◆ **Problem requirements**:
Once the line containing "doc.styles.add('TIMES', font='times.ttf')" has been written out, stop; until then, restate each line of the entries below word for word from the first.

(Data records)
• • •
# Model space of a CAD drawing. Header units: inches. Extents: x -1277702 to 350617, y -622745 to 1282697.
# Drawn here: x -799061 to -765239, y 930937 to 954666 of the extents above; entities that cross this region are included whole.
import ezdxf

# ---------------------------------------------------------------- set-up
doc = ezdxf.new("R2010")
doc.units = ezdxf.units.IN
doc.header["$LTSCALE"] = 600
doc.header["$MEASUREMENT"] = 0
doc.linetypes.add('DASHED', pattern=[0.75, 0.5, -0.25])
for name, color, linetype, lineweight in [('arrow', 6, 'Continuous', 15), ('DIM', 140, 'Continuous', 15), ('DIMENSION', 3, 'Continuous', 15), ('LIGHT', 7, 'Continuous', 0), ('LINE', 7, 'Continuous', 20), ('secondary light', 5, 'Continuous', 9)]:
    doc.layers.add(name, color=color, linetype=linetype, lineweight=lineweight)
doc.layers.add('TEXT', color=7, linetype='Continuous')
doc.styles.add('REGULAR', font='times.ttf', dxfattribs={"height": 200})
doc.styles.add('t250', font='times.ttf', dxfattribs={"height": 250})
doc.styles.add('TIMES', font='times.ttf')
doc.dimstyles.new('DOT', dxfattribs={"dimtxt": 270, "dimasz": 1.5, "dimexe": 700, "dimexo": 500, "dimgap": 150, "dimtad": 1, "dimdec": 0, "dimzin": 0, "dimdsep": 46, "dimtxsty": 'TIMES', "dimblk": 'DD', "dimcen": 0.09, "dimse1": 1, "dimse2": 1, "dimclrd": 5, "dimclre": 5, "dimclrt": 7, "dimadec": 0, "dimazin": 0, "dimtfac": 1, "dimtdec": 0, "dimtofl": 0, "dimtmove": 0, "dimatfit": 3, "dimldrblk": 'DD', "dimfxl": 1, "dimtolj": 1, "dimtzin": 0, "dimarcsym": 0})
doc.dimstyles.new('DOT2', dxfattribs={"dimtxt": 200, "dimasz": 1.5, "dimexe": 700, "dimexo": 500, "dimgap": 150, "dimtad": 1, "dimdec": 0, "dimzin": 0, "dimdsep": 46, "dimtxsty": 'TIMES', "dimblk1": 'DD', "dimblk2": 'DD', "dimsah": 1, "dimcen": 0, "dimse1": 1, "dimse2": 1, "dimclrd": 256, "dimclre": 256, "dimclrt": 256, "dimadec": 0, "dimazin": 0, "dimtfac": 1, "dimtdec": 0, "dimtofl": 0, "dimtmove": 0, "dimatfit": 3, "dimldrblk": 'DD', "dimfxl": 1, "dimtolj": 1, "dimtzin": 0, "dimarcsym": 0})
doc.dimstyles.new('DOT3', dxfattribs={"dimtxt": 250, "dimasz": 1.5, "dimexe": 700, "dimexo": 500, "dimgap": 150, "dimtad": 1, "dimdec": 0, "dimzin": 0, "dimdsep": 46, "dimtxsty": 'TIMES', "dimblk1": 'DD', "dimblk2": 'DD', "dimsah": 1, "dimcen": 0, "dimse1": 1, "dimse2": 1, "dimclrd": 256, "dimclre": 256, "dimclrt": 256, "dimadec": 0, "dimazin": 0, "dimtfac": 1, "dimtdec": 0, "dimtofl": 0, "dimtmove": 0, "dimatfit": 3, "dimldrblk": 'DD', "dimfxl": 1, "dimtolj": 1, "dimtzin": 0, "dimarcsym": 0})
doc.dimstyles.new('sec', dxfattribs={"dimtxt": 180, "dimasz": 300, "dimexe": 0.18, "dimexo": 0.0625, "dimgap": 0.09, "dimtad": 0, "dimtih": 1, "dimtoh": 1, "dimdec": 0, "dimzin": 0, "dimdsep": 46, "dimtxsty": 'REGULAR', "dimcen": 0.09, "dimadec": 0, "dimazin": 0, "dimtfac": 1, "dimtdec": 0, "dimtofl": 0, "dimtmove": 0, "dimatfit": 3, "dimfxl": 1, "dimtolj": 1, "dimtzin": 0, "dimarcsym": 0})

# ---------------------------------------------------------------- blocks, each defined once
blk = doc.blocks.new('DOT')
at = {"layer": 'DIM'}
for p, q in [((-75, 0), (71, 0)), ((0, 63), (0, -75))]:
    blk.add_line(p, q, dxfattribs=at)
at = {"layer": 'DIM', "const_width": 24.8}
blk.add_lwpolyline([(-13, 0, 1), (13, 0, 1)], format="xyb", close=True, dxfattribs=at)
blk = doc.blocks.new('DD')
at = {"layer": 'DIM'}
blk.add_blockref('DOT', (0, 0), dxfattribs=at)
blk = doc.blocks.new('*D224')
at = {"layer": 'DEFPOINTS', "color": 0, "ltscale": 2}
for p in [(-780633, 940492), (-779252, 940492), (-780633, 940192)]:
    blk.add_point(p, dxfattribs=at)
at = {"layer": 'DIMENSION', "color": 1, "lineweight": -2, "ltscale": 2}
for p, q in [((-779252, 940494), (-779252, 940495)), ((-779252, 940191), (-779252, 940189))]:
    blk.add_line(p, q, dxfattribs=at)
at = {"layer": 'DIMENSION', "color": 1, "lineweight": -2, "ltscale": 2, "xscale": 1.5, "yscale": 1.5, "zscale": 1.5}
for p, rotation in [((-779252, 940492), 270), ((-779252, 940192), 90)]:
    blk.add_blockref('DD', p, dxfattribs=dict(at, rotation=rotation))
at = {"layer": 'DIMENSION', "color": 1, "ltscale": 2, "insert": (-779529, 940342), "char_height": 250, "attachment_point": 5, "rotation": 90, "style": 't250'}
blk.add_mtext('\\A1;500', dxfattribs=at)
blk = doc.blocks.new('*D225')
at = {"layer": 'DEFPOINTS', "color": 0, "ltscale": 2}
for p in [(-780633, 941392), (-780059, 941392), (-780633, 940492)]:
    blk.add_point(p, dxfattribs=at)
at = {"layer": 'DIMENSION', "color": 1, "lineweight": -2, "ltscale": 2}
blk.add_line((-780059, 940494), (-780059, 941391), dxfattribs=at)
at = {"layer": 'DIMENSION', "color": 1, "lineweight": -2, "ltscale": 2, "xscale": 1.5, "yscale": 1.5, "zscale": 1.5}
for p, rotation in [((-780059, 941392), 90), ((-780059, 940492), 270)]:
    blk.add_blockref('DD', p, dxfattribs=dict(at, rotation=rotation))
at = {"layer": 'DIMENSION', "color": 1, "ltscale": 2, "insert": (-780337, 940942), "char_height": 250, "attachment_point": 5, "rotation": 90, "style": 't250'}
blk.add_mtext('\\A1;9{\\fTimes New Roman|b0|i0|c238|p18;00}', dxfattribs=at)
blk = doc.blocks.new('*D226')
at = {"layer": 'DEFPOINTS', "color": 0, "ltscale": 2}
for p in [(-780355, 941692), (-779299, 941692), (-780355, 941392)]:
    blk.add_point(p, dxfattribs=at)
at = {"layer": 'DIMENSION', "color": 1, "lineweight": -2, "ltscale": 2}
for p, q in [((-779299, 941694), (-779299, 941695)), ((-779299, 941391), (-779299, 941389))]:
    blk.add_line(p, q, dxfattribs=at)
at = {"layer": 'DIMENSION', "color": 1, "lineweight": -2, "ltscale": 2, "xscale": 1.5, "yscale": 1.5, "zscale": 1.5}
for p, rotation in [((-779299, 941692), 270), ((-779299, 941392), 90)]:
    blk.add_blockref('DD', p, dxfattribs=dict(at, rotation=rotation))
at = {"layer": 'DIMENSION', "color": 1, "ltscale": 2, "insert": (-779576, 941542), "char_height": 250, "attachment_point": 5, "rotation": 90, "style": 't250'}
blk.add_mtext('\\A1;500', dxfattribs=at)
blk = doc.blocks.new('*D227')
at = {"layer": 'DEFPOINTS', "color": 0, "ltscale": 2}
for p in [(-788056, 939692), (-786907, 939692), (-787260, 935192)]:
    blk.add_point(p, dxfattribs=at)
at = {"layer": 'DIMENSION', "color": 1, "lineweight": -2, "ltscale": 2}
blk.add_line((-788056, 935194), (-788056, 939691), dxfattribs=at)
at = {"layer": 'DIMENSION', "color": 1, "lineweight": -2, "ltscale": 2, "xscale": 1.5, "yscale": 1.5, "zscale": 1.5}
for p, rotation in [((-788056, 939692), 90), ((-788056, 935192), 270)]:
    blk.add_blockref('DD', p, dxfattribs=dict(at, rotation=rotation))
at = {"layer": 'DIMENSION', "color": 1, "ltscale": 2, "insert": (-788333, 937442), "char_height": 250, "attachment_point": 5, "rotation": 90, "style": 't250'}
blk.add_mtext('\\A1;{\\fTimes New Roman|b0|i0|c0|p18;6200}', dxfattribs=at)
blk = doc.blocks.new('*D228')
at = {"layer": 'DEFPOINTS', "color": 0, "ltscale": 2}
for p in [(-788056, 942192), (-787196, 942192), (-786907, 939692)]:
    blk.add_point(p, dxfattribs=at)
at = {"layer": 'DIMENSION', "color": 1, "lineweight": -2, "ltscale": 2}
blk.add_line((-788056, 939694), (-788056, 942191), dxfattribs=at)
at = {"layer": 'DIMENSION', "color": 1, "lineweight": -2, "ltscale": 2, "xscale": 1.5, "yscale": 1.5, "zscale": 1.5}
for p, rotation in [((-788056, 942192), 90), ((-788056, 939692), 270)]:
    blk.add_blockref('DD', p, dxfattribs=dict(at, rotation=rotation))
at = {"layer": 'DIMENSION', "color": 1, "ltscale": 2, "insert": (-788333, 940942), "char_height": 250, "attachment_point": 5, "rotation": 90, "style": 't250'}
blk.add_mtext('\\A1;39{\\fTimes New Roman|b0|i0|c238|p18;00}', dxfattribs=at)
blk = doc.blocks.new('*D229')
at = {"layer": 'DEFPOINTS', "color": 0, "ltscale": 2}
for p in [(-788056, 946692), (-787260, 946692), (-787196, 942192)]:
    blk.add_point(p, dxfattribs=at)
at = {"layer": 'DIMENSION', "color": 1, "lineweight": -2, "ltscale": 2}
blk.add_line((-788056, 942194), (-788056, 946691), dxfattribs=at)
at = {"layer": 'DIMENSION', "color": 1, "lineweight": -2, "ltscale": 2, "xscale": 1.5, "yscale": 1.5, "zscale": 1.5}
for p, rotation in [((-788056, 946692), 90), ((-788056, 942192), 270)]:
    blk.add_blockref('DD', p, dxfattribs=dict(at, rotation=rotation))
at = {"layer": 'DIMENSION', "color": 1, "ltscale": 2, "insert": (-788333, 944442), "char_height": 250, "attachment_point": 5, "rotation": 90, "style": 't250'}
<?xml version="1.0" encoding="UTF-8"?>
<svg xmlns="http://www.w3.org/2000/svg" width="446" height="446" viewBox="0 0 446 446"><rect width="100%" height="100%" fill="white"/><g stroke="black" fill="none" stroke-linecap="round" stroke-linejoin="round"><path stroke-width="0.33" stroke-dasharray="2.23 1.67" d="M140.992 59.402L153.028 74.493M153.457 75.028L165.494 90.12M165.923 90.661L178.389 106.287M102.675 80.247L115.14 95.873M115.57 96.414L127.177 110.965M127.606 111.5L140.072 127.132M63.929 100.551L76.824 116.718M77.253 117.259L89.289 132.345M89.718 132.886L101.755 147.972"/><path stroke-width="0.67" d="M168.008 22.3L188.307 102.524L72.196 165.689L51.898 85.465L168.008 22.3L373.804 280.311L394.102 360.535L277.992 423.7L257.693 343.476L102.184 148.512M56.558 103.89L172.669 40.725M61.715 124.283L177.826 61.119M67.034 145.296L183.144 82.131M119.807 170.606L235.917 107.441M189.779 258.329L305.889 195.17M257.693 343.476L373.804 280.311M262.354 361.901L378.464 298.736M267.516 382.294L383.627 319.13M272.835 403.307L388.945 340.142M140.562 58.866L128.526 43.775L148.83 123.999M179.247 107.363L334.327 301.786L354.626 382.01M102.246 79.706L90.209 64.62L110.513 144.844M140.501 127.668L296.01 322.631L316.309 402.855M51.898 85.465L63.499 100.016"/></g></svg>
• • •
◆ **Task solution**:
# Model space of a CAD drawing. Header units: inches. Extents: x -1277702 to 350617, y -622745 to 1282697.
# Drawn here: x -799061 to -765239, y 930937 to 954666 of the extents above; entities that cross this region are included whole.
import ezdxf

# ---------------------------------------------------------------- set-up
doc = ezdxf.new("R2010")
doc.units = ezdxf.units.IN
doc.header["$LTSCALE"] = 600
doc.header["$MEASUREMENT"] = 0
doc.linetypes.add('DASHED', pattern=[0.75, 0.5, -0.25])
for name, color, linetype, lineweight in [('arrow', 6, 'Continuous', 15), ('DIM', 140, 'Continuous', 15), ('DIMENSION', 3, 'Continuous', 15), ('LIGHT', 7, 'Continuous', 0), ('LINE', 7, 'Continuous', 20), ('secondary light', 5, 'Continuous', 9)]:
    doc.layers.add(name, color=color, linetype=linetype, lineweight=lineweight)
doc.layers.add('TEXT', color=7, linetype='Continuous')
doc.styles.add('REGULAR', font='times.ttf', dxfattribs={"height": 200})
doc.styles.add('t250', font='times.ttf', dxfattribs={"height": 250})
doc.styles.add('TIMES', font='times.ttf')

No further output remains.